> DATA TO EXAMINE:
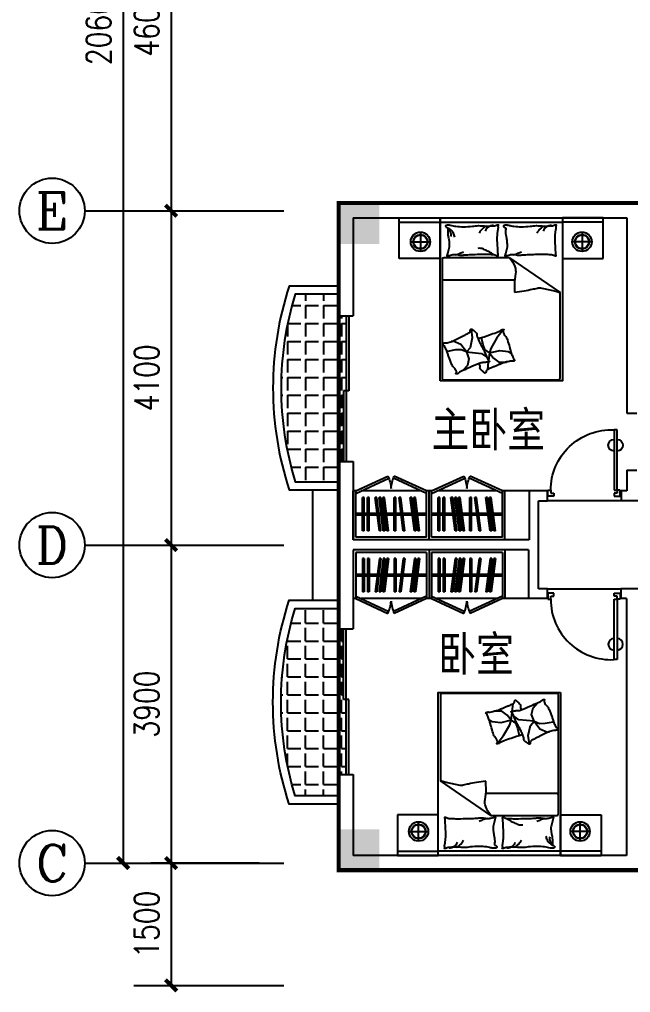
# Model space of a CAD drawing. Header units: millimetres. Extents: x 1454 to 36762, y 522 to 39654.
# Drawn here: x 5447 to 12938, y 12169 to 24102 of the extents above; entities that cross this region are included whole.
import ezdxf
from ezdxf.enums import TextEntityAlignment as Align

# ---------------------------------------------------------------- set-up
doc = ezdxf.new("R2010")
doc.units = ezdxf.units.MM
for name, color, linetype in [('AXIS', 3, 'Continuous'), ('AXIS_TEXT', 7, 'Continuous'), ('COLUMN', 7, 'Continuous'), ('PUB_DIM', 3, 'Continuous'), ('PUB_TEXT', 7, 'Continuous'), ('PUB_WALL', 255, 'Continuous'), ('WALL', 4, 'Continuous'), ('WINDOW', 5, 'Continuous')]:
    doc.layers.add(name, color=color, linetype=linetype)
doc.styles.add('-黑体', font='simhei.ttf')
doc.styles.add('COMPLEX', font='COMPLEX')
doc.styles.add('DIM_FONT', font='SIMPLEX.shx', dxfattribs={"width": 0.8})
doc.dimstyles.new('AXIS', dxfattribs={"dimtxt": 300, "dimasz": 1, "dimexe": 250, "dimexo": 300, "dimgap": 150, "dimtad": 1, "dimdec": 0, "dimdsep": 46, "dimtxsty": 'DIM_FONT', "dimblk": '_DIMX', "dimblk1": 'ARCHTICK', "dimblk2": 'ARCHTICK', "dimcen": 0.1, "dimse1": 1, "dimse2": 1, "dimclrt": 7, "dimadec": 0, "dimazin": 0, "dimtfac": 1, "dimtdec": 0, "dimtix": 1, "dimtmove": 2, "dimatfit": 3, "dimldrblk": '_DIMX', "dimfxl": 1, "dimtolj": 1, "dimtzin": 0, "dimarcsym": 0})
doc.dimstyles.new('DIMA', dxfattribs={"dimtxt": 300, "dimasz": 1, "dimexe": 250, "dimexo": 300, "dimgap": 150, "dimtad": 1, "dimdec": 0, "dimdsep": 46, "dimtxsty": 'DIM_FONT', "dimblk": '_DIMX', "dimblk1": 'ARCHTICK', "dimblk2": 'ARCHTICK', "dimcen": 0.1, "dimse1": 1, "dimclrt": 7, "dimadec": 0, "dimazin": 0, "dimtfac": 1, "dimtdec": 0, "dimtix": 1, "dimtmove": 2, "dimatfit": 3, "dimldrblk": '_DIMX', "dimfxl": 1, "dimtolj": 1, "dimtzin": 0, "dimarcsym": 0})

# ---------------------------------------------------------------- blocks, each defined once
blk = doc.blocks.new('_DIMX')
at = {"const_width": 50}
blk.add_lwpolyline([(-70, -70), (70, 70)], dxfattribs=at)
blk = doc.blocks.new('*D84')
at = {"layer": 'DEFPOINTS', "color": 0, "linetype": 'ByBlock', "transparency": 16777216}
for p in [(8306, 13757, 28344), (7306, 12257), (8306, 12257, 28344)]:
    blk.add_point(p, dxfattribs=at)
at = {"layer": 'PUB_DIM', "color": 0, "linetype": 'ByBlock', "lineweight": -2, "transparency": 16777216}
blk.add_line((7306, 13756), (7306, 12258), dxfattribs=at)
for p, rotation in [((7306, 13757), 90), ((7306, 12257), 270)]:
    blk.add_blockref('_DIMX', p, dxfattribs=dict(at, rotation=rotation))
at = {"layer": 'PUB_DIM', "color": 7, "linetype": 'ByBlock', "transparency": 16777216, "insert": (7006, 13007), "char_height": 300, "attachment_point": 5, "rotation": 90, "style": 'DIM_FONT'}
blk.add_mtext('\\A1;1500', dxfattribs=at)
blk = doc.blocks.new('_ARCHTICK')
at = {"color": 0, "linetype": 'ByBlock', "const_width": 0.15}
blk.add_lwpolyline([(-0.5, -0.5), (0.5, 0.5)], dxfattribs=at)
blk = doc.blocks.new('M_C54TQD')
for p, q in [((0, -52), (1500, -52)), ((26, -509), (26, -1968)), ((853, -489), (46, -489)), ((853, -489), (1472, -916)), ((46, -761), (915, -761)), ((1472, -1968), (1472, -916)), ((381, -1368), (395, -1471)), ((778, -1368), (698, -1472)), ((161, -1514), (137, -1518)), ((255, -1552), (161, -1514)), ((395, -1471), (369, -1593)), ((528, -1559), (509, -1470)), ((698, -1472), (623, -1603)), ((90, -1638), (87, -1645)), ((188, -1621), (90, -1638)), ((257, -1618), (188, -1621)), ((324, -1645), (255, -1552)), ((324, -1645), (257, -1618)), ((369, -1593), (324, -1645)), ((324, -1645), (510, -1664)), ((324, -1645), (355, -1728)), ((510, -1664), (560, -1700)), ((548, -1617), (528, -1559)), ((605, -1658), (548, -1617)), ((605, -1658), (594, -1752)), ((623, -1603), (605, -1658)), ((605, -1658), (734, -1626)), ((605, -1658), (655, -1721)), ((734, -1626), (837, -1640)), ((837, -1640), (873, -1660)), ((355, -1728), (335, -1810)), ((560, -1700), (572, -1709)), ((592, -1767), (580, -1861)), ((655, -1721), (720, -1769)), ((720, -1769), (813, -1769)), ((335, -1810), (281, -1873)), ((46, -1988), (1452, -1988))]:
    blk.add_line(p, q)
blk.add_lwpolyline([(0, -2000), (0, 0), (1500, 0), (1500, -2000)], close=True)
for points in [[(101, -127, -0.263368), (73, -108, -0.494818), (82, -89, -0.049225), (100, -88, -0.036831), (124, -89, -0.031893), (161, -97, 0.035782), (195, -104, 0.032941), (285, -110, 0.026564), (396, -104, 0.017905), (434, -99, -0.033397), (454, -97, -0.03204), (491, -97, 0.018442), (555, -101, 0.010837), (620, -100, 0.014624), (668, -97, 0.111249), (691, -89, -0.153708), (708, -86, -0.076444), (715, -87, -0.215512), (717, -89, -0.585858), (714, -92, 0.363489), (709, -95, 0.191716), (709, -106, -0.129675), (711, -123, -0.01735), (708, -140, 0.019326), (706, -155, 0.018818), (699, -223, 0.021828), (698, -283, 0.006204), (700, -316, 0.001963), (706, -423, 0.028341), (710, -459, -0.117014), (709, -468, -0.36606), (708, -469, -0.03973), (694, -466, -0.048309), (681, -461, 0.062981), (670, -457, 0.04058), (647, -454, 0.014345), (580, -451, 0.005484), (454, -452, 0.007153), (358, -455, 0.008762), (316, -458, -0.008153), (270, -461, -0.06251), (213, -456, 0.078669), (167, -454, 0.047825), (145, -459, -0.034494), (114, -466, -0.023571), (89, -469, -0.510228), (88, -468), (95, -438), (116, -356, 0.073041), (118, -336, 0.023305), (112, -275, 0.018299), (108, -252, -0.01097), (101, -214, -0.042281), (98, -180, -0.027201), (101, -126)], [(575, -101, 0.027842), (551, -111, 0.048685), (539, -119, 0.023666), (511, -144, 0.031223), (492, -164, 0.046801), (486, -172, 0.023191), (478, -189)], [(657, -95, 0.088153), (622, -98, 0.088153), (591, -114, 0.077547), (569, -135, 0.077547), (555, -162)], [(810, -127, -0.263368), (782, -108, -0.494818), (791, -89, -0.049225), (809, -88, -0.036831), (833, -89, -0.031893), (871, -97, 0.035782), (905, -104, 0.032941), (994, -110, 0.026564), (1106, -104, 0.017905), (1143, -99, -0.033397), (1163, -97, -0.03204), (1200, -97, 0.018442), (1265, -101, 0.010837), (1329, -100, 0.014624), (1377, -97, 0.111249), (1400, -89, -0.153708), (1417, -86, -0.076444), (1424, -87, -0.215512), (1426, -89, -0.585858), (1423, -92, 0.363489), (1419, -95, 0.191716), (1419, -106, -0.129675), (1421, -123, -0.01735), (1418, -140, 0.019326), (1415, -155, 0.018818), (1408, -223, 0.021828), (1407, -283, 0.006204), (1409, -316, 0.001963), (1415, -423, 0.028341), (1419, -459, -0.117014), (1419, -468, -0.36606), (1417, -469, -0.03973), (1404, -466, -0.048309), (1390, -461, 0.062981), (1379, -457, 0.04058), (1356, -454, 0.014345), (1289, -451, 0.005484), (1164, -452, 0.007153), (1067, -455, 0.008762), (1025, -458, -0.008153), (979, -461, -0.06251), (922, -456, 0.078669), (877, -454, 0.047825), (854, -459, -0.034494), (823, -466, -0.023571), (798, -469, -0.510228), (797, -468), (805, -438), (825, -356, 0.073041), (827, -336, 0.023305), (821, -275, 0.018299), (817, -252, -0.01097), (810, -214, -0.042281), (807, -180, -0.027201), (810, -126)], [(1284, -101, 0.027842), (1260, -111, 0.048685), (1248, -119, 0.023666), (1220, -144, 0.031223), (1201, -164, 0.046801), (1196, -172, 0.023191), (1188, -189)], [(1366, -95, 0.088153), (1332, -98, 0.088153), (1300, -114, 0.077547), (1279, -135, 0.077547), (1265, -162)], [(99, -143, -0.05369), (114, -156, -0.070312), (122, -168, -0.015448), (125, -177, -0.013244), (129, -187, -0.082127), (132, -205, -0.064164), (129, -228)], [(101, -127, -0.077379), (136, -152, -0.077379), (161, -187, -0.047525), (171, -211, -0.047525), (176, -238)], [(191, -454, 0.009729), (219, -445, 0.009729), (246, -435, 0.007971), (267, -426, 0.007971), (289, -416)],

> EXERCISE GOAL:
Where a line above contains the string "dimtad", copy that line.

> EXERCISE RESPONSE:
doc.dimstyles.new('AXIS', dxfattribs={"dimtxt": 300, "dimasz": 1, "dimexe": 250, "dimexo": 300, "dimgap": 150, "dimtad": 1, "dimdec": 0, "dimdsep": 46, "dimtxsty": 'DIM_FONT', "dimblk": '_DIMX', "dimblk1": 'ARCHTICK', "dimblk2": 'ARCHTICK', "dimcen": 0.1, "dimse1": 1, "dimse2": 1, "dimclrt": 7, "dimadec": 0, "dimazin": 0, "dimtfac": 1, "dimtdec": 0, "dimtix": 1, "dimtmove": 2, "dimatfit": 3, "dimldrblk": '_DIMX', "dimfxl": 1, "dimtolj": 1, "dimtzin": 0, "dimarcsym": 0})
doc.dimstyles.new('DIMA', dxfattribs={"dimtxt": 300, "dimasz": 1, "dimexe": 250, "dimexo": 300, "dimgap": 150, "dimtad": 1, "dimdec": 0, "dimdsep": 46, "dimtxsty": 'DIM_FONT', "dimblk": '_DIMX', "dimblk1": 'ARCHTICK', "dimblk2": 'ARCHTICK', "dimcen": 0.1, "dimse1": 1, "dimclrt": 7, "dimadec": 0, "dimazin": 0, "dimtfac": 1, "dimtdec": 0, "dimtix": 1, "dimtmove": 2, "dimatfit": 3, "dimldrblk": '_DIMX', "dimfxl": 1, "dimtolj": 1, "dimtzin": 0, "dimarcsym": 0})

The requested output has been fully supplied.